In 1,226 days, President Trump has
made 19,128 false or misleading claims

including ““We had the greatest economy in history of any country, not just ours. The greatest in history.”

While there is no doubt that modern technology – the internet, social media and the atomising effect of the mobile phone – is the prime means by which lies became the dominant trend, there has to be more to this and, particularly, why they have such traction in the Anglo-Saxon countries. Twitter has taken the lead in pinning a public health warning to some of Trump’s tweets, and even libertarian Mark Zuckerburg is coming under pressure from his own Facebook staff, yet it is not just the perpetrators at fault, but the public thirst for such modern myths. Reviewing the new complete Penguin edition in English of George Simenon’s work in The London Review of Books, John Lanchester seems to have put his finger on it, that we are reared as two-dimensional gulls, on the simplistic assumption of good and evil.

‘The main current of the English novel is in the direction of Happy Ever After, along the lines of Miss Prism’s deathless observation: ‘The good ended happily and the bad unhappily. That is what fiction means.’ When you turn from that tradition to the work of Laclos, Flaubert, Balzac, Stendhal, Maupassant and Proust, it’s like getting a glass of ice water in the face. Everybody lies all the time; codes of honour are mainly a delusion and will get you into serious trouble; the same goes for love; if you think the world is how it is described in consoling fictions, you have many catastrophic surprises in store. Above all, the central lesson of the French tradition is that people’s motives are sex and money, and you can write about those things as sex and money, directly, no euphemisms required.’
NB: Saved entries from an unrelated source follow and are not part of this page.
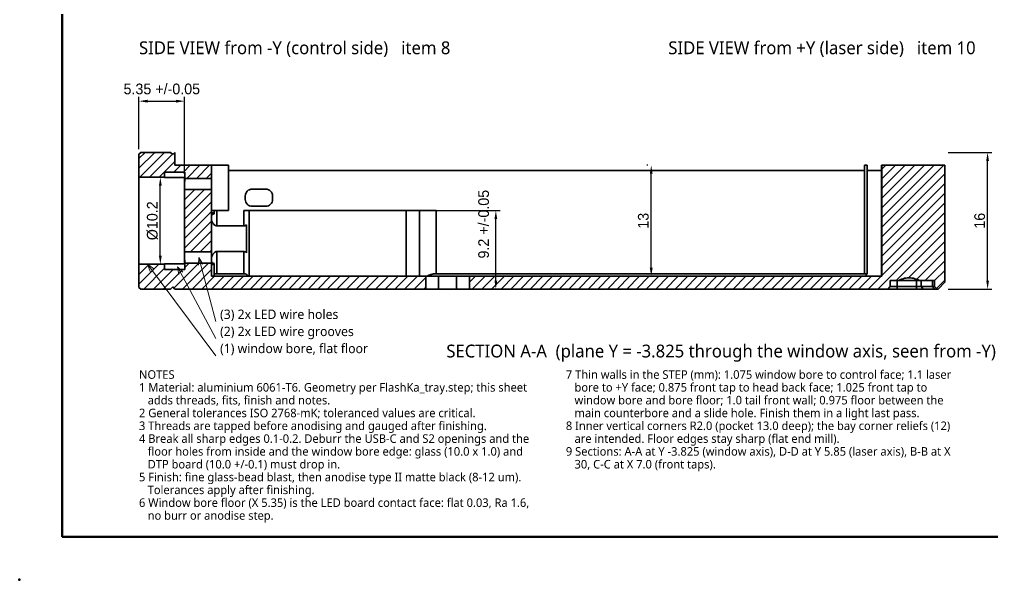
# Model space of a CAD drawing. Header units: millimetres. Extents: x 0 to 420, y 0 to 297.
# Drawn here: x 0 to 228, y 0 to 131.1 of the extents above; entities that cross this region are included whole.
import ezdxf

# ---------------------------------------------------------------- set-up
doc = ezdxf.new("R2010")
doc.units = ezdxf.units.MM
for name, color, linetype, lineweight in [('BORDER', 7, 'Continuous', 50), ('DIM', 5, 'Continuous', 13), ('HATCH', 8, 'Continuous', 9), ('TEXT', 7, 'Continuous', 18), ('VISIBLE', 7, 'Continuous', 35)]:
    doc.layers.add(name, color=color, linetype=linetype, lineweight=lineweight)
doc.styles.add('OpenSans', font='OpenSans-Regular.ttf')
doc.dimstyles.new('FK', dxfattribs={"dimtxt": 2.5, "dimasz": 2, "dimexe": 1, "dimexo": 0.8, "dimgap": 0.6, "dimtad": 1, "dimdec": 3, "dimlfac": 0.5, "dimdsep": 46, "dimcen": 2.5, "dimclrd": 5, "dimclre": 5, "dimclrt": 7, "dimazin": 3, "dimtfac": 1, "dimtmove": 0, "dimatfit": 3})

msp = doc.modelspace()

# ---------------------------------------------------------------- linework, layer by layer
at = {"layer": 'BORDER'}
msp.add_lwpolyline([(10, 10), (410, 10), (410, 287), (10, 287)], close=True, dxfattribs=at)
msp.add_point((0, 0), dxfattribs=at)
at = {"layer": 'DIM'}
for p, q in [((42, 75.4), (41.9291, 73.6014)), ((42, 75.4), (46, 60.4)), ((42, 75.4), (42.9571, 73.8755)), ((30, 73.8), (46, 52.4)), ((30, 73.8), (30.6037, 72.1042)), ((30, 73.8), (31.4557, 72.7413)), ((37, 73.2), (46, 56.4)), ((37, 73.2), (37.3431, 71.433)), ((37, 73.2), (38.2809, 71.9354))]:
    msp.add_line(p, q, dxfattribs=at)
at = {"layer": 'HATCH'}
for p, q in [((28, 96.2843), (31.7157, 100)), ((28, 98.547), (29.453, 100)), ((28.1785, 94.2), (33.9785, 100)), ((30.4412, 94.2), (35.8206, 99.5794)), ((32.704, 94.2), (36.4, 97.896)), ((36.1667, 95.4), (37.7667, 97)), ((38.4294, 95.4), (40.0294, 97)), ((39.1922, 93.9), (42.2922, 97)), ((41.4549, 93.9), (44.5549, 97)), ((202, 82.4767), (216.5233, 97)), ((202, 84.7395), (214.2605, 97)), ((202, 87.0022), (211.9978, 97)), ((202, 89.2649), (209.7351, 97)), ((202, 91.5277), (207.4723, 97)), ((202, 93.7904), (205.2096, 97)), ((202, 96.0532), (202.9468, 97)), ((43.7177, 93.9), (45, 95.1823)), ((202, 80.214), (216.8, 95.014)), ((38.7, 86.6196), (43.3804, 91.3)), ((38.7, 88.8823), (41.1177, 91.3)), ((38.7, 91.1451), (38.8549, 91.3)), ((202, 77.9512), (216.8, 92.7512)), ((38.7, 84.3569), (45, 90.6569)), ((202, 75.6885), (216.8, 90.4885)), ((38.7, 82.0941), (45, 88.3941)), ((202, 73.4257), (216.8, 88.2257)), ((38.7, 79.8314), (45, 86.1314)), ((202, 71.163), (216.8, 85.963)), ((38.7, 77.5686), (45, 83.8686)), ((201.0997, 68), (216.8, 83.7003)), ((40.0941, 76.7), (45, 81.6059)), ((205.3625, 70), (216.8, 81.4375)), ((42.3569, 76.7), (45, 79.3431)), ((208.2663, 70.6411), (216.8, 79.1748)), ((44.6196, 76.7), (45, 77.0804)), ((210.1894, 70.3014), (216.8, 76.912)), ((28, 69.1314), (32.6686, 73.8)), ((28, 71.3941), (30.4059, 73.8)), ((28, 73.6569), (28.1431, 73.8)), ((36.1598, 68.2402), (42.0196, 74.1)), ((38.1823, 68), (44.2823, 74.1)), ((38.72, 73.0631), (39.7569, 74.1)), ((212.1507, 70), (216.8, 74.6493)), ((29.1314, 68), (34, 72.8686)), ((31.3941, 68), (35.9941, 72.6)), ((33.6569, 68), (38.2569, 72.6)), ((40.4451, 68), (45, 72.5549)), ((42.7078, 68), (45.7078, 71)), ((44.9706, 68), (47.9706, 71)), ((47.2333, 68), (50.2333, 71)), ((49.496, 68), (52.496, 71)), ((51.7588, 68), (54.7588, 71)), ((54.0215, 68), (57.0215, 71)), ((56.2843, 68), (59.2843, 71)), ((58.547, 68), (61.547, 71)), ((60.8098, 68), (63.8098, 71)), ((63.0725, 68), (66.0725, 71)), ((65.3352, 68), (68.3352, 71)), ((67.598, 68), (70.598, 71)), ((69.8607, 68), (72.8607, 71)), ((72.1235, 68), (75.1235, 71)), ((74.3862, 68), (77.3862, 71)), ((76.6489, 68), (79.6489, 71)), ((78.9117, 68), (81.9117, 71)), ((81.1744, 68), (84.1744, 71)), ((83.4372, 68), (86.4372, 71)), ((85.6999, 68), (88.6999, 71)), ((87.9627, 68), (90.9627, 71)), ((90.2254, 68), (93.2254, 71)), ((92.4881, 68), (95.2, 70.7119)), ((105.4, 69.5982), (106.8018, 71)), ((106.0646, 68), (109.0646, 71)), ((108.3273, 68), (111.3273, 71)), ((110.5901, 68), (113.5901, 71)), ((112.8528, 68), (115.8528, 71)), ((115.1156, 68), (118.1156, 71)), ((117.3783, 68), (120.3783, 71)), ((119.641, 68), (122.641, 71)), ((121.9038, 68), (124.9038, 71)), ((124.1665, 68), (127.1665, 71)), ((126.4293, 68), (129.4293, 71)), ((128.692, 68), (131.692, 71)), ((130.9547, 68), (133.9547, 71)), ((133.2175, 68), (136.2175, 71)), ((135.4802, 68), (138.4802, 71)), ((137.743, 68), (140.743, 71)), ((140.0057, 68), (143.0057, 71)), ((142.2685, 68), (145.2685, 71)), ((144.5312, 68), (147.5312, 71)), ((146.7939, 68), (149.7939, 71)), ((149.0567, 68), (152.0567, 71)), ((151.3194, 68), (154.3194, 71)), ((153.5822, 68), (156.5822, 71)), ((155.8449, 68), (158.8449, 71)), ((158.1076, 68), (161.1076, 71)), ((160.3704, 68), (163.3704, 71)), ((162.6331, 68), (165.6331, 71)), ((164.8959, 68), (167.8959, 71)), ((167.1586, 68), (170.1586, 71)), ((169.4214, 68), (172.4214, 71)), ((171.6841, 68), (174.6841, 71)), ((173.9468, 68), (176.9468, 71)), ((176.2096, 68), (179.2096, 71)), ((178.4723, 68), (181.4723, 71)), ((180.7351, 68), (183.7351, 71)), ((182.9978, 68), (185.9978, 71)), ((185.2605, 68), (188.2605, 71)), ((187.5233, 68), (190.5233, 71)), ((189.786, 68), (192.786, 71)), ((192.0488, 68), (195.0488, 71)), ((194.3115, 68), (197.3115, 71)), ((196.5743, 68), (199.5743, 71)), ((198.837, 68), (201.837, 71)), ((214.4, 69.9866), (216.8, 72.3866)), ((94.7509, 68), (95.2, 68.4491)), ((203.3625, 68), (204, 68.6375)), ((214.8381, 68.1619), (216.8, 70.1238))]:
    msp.add_line(p, q, dxfattribs=at)
at = {"layer": 'VISIBLE'}
for points in [[(28, 99.6), (28.4, 100)], [(28, 94.2), (28, 99.6)], [(28.4, 100), (35.4, 100)], [(35.4, 100), (35.9, 99.5)], [(36.4, 100), (35.9, 99.5)], [(36.4, 97), (36.4, 97.3597), (36.4, 97.7073), (36.4, 98.0398), (36.4, 98.3543), (36.4, 98.6479), (36.4, 98.918), (36.4, 99.1623), (36.4, 99.3786), (36.4, 99.5649), (36.4, 99.7197), (36.4, 99.8415), (36.4, 99.9293), (36.4, 99.9823), (36.4, 100)], [(36.4, 97), (36.4, 100)], [(45, 97), (36.4, 97)], [(49, 97), (48.5521, 97), (48.1099, 97), (47.6789, 97), (47.2645, 97), (46.8719, 97), (46.506, 97), (46.1716, 97), (45.8727, 97), (45.6131, 97), (45.3961, 97), (45.2245, 97), (45.1003, 97), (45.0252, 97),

Johnson has had more than his fair share of both, but his current power is what he has spent a lifetime craving, only to be shown startlingly inept, an emperor with no clothes. As a final coda: the old saw ‘lies, damned lies and statistics’ is always erroneously attributed to Disraeli, as it was originally by Mark Twain, some years after Disraeli’s death. Twain – pro-revolutionary, anti-vivisectionist, etc. – was obviously a good egg. ‘If you tell the truth, you don’t have to remember anything’ was one of his apopthegms. Johnson and Trump forgot the first part. Twain also noted the mythic origin of much untruth.